Records from a collection:

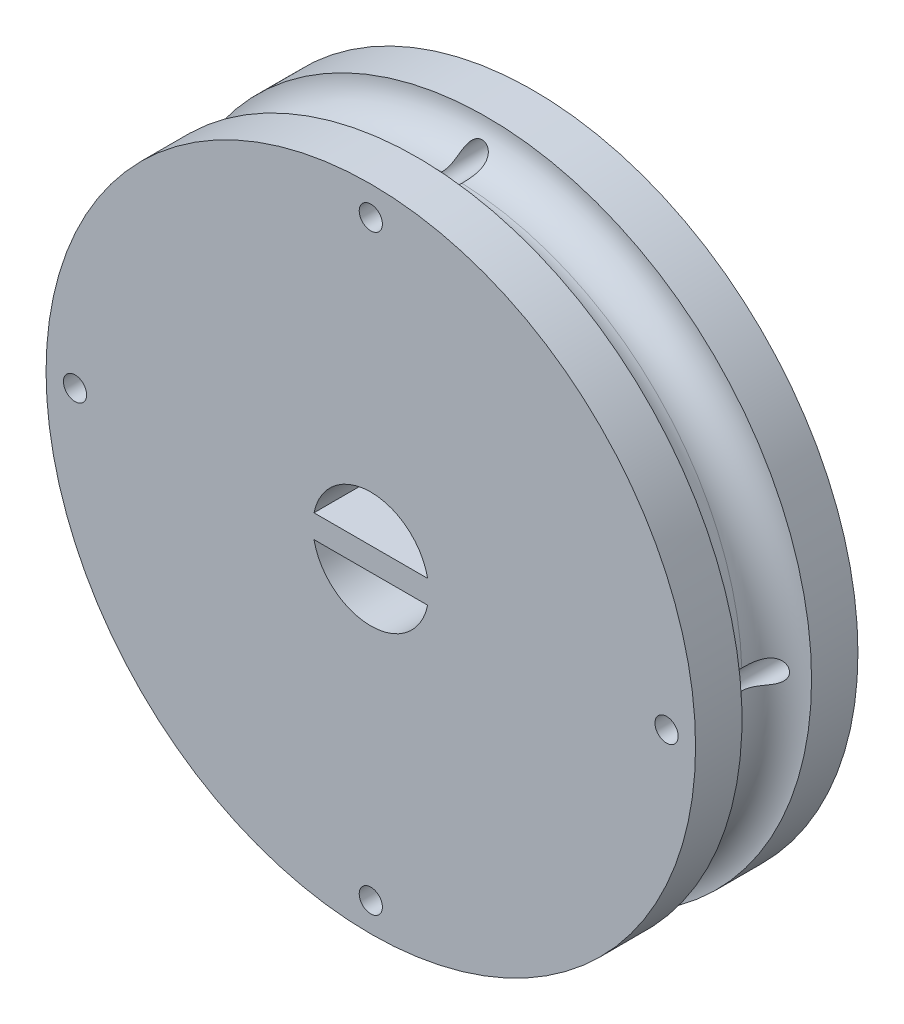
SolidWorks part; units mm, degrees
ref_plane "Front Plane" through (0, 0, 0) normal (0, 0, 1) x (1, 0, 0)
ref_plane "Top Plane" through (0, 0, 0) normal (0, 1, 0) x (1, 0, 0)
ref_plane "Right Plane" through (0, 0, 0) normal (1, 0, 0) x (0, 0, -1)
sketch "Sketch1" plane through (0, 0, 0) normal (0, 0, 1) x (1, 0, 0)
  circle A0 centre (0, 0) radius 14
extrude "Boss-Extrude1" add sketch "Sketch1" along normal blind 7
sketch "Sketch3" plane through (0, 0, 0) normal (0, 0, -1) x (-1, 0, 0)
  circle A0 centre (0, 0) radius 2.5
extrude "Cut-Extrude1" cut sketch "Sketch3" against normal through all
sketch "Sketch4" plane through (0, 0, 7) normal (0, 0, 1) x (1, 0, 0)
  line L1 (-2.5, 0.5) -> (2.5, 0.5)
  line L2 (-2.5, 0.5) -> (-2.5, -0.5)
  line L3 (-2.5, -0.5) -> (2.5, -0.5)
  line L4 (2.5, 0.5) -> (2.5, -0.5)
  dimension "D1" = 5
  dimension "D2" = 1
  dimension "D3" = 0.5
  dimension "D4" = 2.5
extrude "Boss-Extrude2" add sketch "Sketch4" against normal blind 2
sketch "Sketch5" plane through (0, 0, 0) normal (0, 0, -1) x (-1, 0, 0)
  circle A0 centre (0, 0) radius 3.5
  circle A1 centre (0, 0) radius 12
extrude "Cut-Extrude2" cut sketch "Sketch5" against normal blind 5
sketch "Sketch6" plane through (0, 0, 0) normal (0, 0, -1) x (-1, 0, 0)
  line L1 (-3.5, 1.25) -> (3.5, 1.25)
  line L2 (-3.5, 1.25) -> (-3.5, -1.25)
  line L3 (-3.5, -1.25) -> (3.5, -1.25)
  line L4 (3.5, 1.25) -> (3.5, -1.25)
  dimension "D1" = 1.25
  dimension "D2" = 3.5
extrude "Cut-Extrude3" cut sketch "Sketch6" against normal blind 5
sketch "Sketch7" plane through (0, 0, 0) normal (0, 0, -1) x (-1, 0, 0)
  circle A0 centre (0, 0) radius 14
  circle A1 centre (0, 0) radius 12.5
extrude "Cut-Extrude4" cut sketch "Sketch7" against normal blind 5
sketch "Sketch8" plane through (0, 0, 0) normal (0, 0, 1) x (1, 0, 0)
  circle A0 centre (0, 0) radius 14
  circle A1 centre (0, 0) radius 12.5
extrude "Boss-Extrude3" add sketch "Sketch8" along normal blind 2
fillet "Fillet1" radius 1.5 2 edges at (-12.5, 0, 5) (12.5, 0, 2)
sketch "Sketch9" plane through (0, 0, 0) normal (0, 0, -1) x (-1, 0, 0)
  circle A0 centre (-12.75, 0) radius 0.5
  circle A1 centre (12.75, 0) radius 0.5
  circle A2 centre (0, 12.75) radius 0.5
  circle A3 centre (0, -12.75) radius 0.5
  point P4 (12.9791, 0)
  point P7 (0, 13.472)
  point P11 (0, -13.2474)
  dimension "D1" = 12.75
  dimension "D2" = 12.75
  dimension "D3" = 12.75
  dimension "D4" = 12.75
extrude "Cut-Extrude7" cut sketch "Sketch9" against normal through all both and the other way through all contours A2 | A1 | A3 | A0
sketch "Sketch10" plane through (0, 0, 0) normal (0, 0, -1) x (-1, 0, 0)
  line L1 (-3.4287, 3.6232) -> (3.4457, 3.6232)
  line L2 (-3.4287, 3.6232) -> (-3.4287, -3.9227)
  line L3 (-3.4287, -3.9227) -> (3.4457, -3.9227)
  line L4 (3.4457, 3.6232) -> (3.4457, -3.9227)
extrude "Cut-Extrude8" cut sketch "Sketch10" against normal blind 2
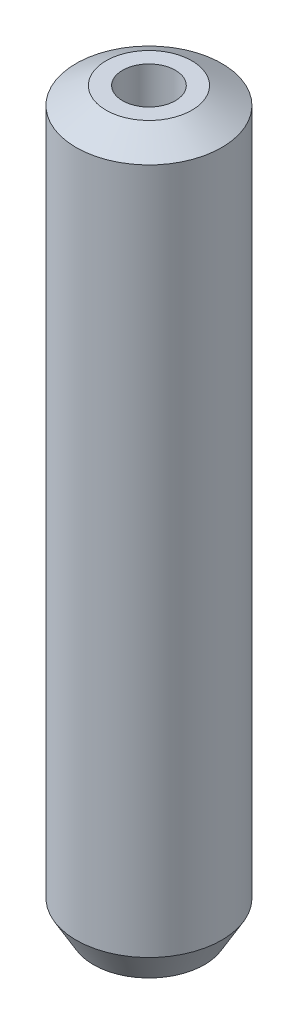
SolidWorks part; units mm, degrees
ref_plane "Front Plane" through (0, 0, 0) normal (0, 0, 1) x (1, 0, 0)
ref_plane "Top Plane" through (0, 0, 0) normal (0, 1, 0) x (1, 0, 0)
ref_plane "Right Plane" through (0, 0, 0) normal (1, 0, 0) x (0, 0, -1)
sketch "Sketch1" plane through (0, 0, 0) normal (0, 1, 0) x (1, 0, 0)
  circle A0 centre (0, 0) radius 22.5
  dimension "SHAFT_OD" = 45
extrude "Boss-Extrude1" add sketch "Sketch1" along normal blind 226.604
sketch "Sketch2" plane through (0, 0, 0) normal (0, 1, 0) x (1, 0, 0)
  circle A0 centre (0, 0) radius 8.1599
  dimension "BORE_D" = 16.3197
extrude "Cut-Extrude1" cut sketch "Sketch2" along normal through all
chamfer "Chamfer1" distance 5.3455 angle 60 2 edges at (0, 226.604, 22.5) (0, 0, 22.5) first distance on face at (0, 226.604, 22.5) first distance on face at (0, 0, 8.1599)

**What needs to be done**.
Print all entries exactly; skip the pictures.

**Answer box**.
SolidWorks part; units mm, degrees
ref_plane "Front Plane" through (0, 0, 0) normal (0, 0, 1) x (1, 0, 0)
ref_plane "Top Plane" through (0, 0, 0) normal (0, 1, 0) x (1, 0, 0)
ref_plane "Right Plane" through (0, 0, 0) normal (1, 0, 0) x (0, 0, -1)
sketch "Sketch1" plane through (0, 0, 0) normal (0, 0, 1) x (1, 0, 0)
  circle A0 centre (0, 0) radius 14
extrude "Boss-Extrude1" add sketch "Sketch1" along normal blind 7
sketch "Sketch3" plane through (0, 0, 0) normal (0, 0, -1) x (-1, 0, 0)
  circle A0 centre (0, 0) radius 2.5
extrude "Cut-Extrude1" cut sketch "Sketch3" against normal through all
sketch "Sketch4" plane through (0, 0, 7) normal (0, 0, 1) x (1, 0, 0)
  line L1 (-2.5, 0.5) -> (2.5, 0.5)
  line L2 (-2.5, 0.5) -> (-2.5, -0.5)
  line L3 (-2.5, -0.5) -> (2.5, -0.5)
  line L4 (2.5, 0.5) -> (2.5, -0.5)
  dimension "D1" = 5
  dimension "D2" = 1
  dimension "D3" = 0.5
  dimension "D4" = 2.5
extrude "Boss-Extrude2" add sketch "Sketch4" against normal blind 2
sketch "Sketch5" plane through (0, 0, 0) normal (0, 0, -1) x (-1, 0, 0)
  circle A0 centre (0, 0) radius 3.5
  circle A1 centre (0, 0) radius 12
extrude "Cut-Extrude2" cut sketch "Sketch5" against normal blind 5
sketch "Sketch6" plane through (0, 0, 0) normal (0, 0, -1) x (-1, 0, 0)
  line L1 (-3.5, 1.25) -> (3.5, 1.25)
  line L2 (-3.5, 1.25) -> (-3.5, -1.25)
  line L3 (-3.5, -1.25) -> (3.5, -1.25)
  line L4 (3.5, 1.25) -> (3.5, -1.25)
  dimension "D1" = 1.25
  dimension "D2" = 3.5
extrude "Cut-Extrude3" cut sketch "Sketch6" against normal blind 5
sketch "Sketch7" plane through (0, 0, 0) normal (0, 0, -1) x (-1, 0, 0)
  circle A0 centre (0, 0) radius 14
  circle A1 centre (0, 0) radius 12.5
extrude "Cut-Extrude4" cut sketch "Sketch7" against normal blind 5
sketch "Sketch8" plane through (0, 0, 0) normal (0, 0, 1) x (1, 0, 0)
  circle A0 centre (0, 0) radius 14
  circle A1 centre (0, 0) radius 12.5
extrude "Boss-Extrude3" add sketch "Sketch8" along normal blind 2
fillet "Fillet1" radius 1.5 2 edges at (-12.5, 0, 5) (12.5, 0, 2)
sketch "Sketch9" plane through (0, 0, 0) normal (0, 0, -1) x (-1, 0, 0)
  circle A0 centre (-12.75, 0) radius 0.5
  circle A1 centre (12.75, 0) radius 0.5
  circle A2 centre (0, 12.75) radius 0.5
  circle A3 centre (0, -12.75) radius 0.5
  point P4 (12.9791, 0)
  point P7 (0, 13.472)
  point P11 (0, -13.2474)
  dimension "D1" = 12.75
  dimension "D2" = 12.75
  dimension "D3" = 12.75
  dimension "D4" = 12.75
extrude "Cut-Extrude7" cut sketch "Sketch9" against normal through all both and the other way through all contours A2 | A1 | A3 | A0
sketch "Sketch10" plane through (0, 0, 0) normal (0, 0, -1) x (-1, 0, 0)
  line L1 (-3.4287, 3.6232) -> (3.4457, 3.6232)
  line L2 (-3.4287, 3.6232) -> (-3.4287, -3.9227)
  line L3 (-3.4287, -3.9227) -> (3.4457, -3.9227)
  line L4 (3.4457, 3.6232) -> (3.4457, -3.9227)
extrude "Cut-Extrude8" cut sketch "Sketch10" against normal blind 2
SolidWorks part; units mm, degrees
ref_plane "Front Plane" through (0, 0, 0) normal (0, 0, 1) x (1, 0, 0)
ref_plane "Top Plane" through (0, 0, 0) normal (0, 1, 0) x (1, 0, 0)
ref_plane "Right Plane" through (0, 0, 0) normal (1, 0, 0) x (0, 0, -1)
sketch "Sketch1" plane through (0, 0, 0) normal (0, 1, 0) x (1, 0, 0)
  circle A0 centre (0, 0) radius 22.5
  dimension "SHAFT_OD" = 45
extrude "Boss-Extrude1" add sketch "Sketch1" along normal blind 226.604
sketch "Sketch2" plane through (0, 0, 0) normal (0, 1, 0) x (1, 0, 0)
  circle A0 centre (0, 0) radius 8.1599
  dimension "BORE_D" = 16.3197
extrude "Cut-Extrude1" cut sketch "Sketch2" along normal through all
chamfer "Chamfer1" distance 5.3455 angle 60 2 edges at (0, 226.604, 22.5) (0, 0, 22.5) first distance on face at (0, 226.604, 22.5) first distance on face at (0, 0, 8.1599)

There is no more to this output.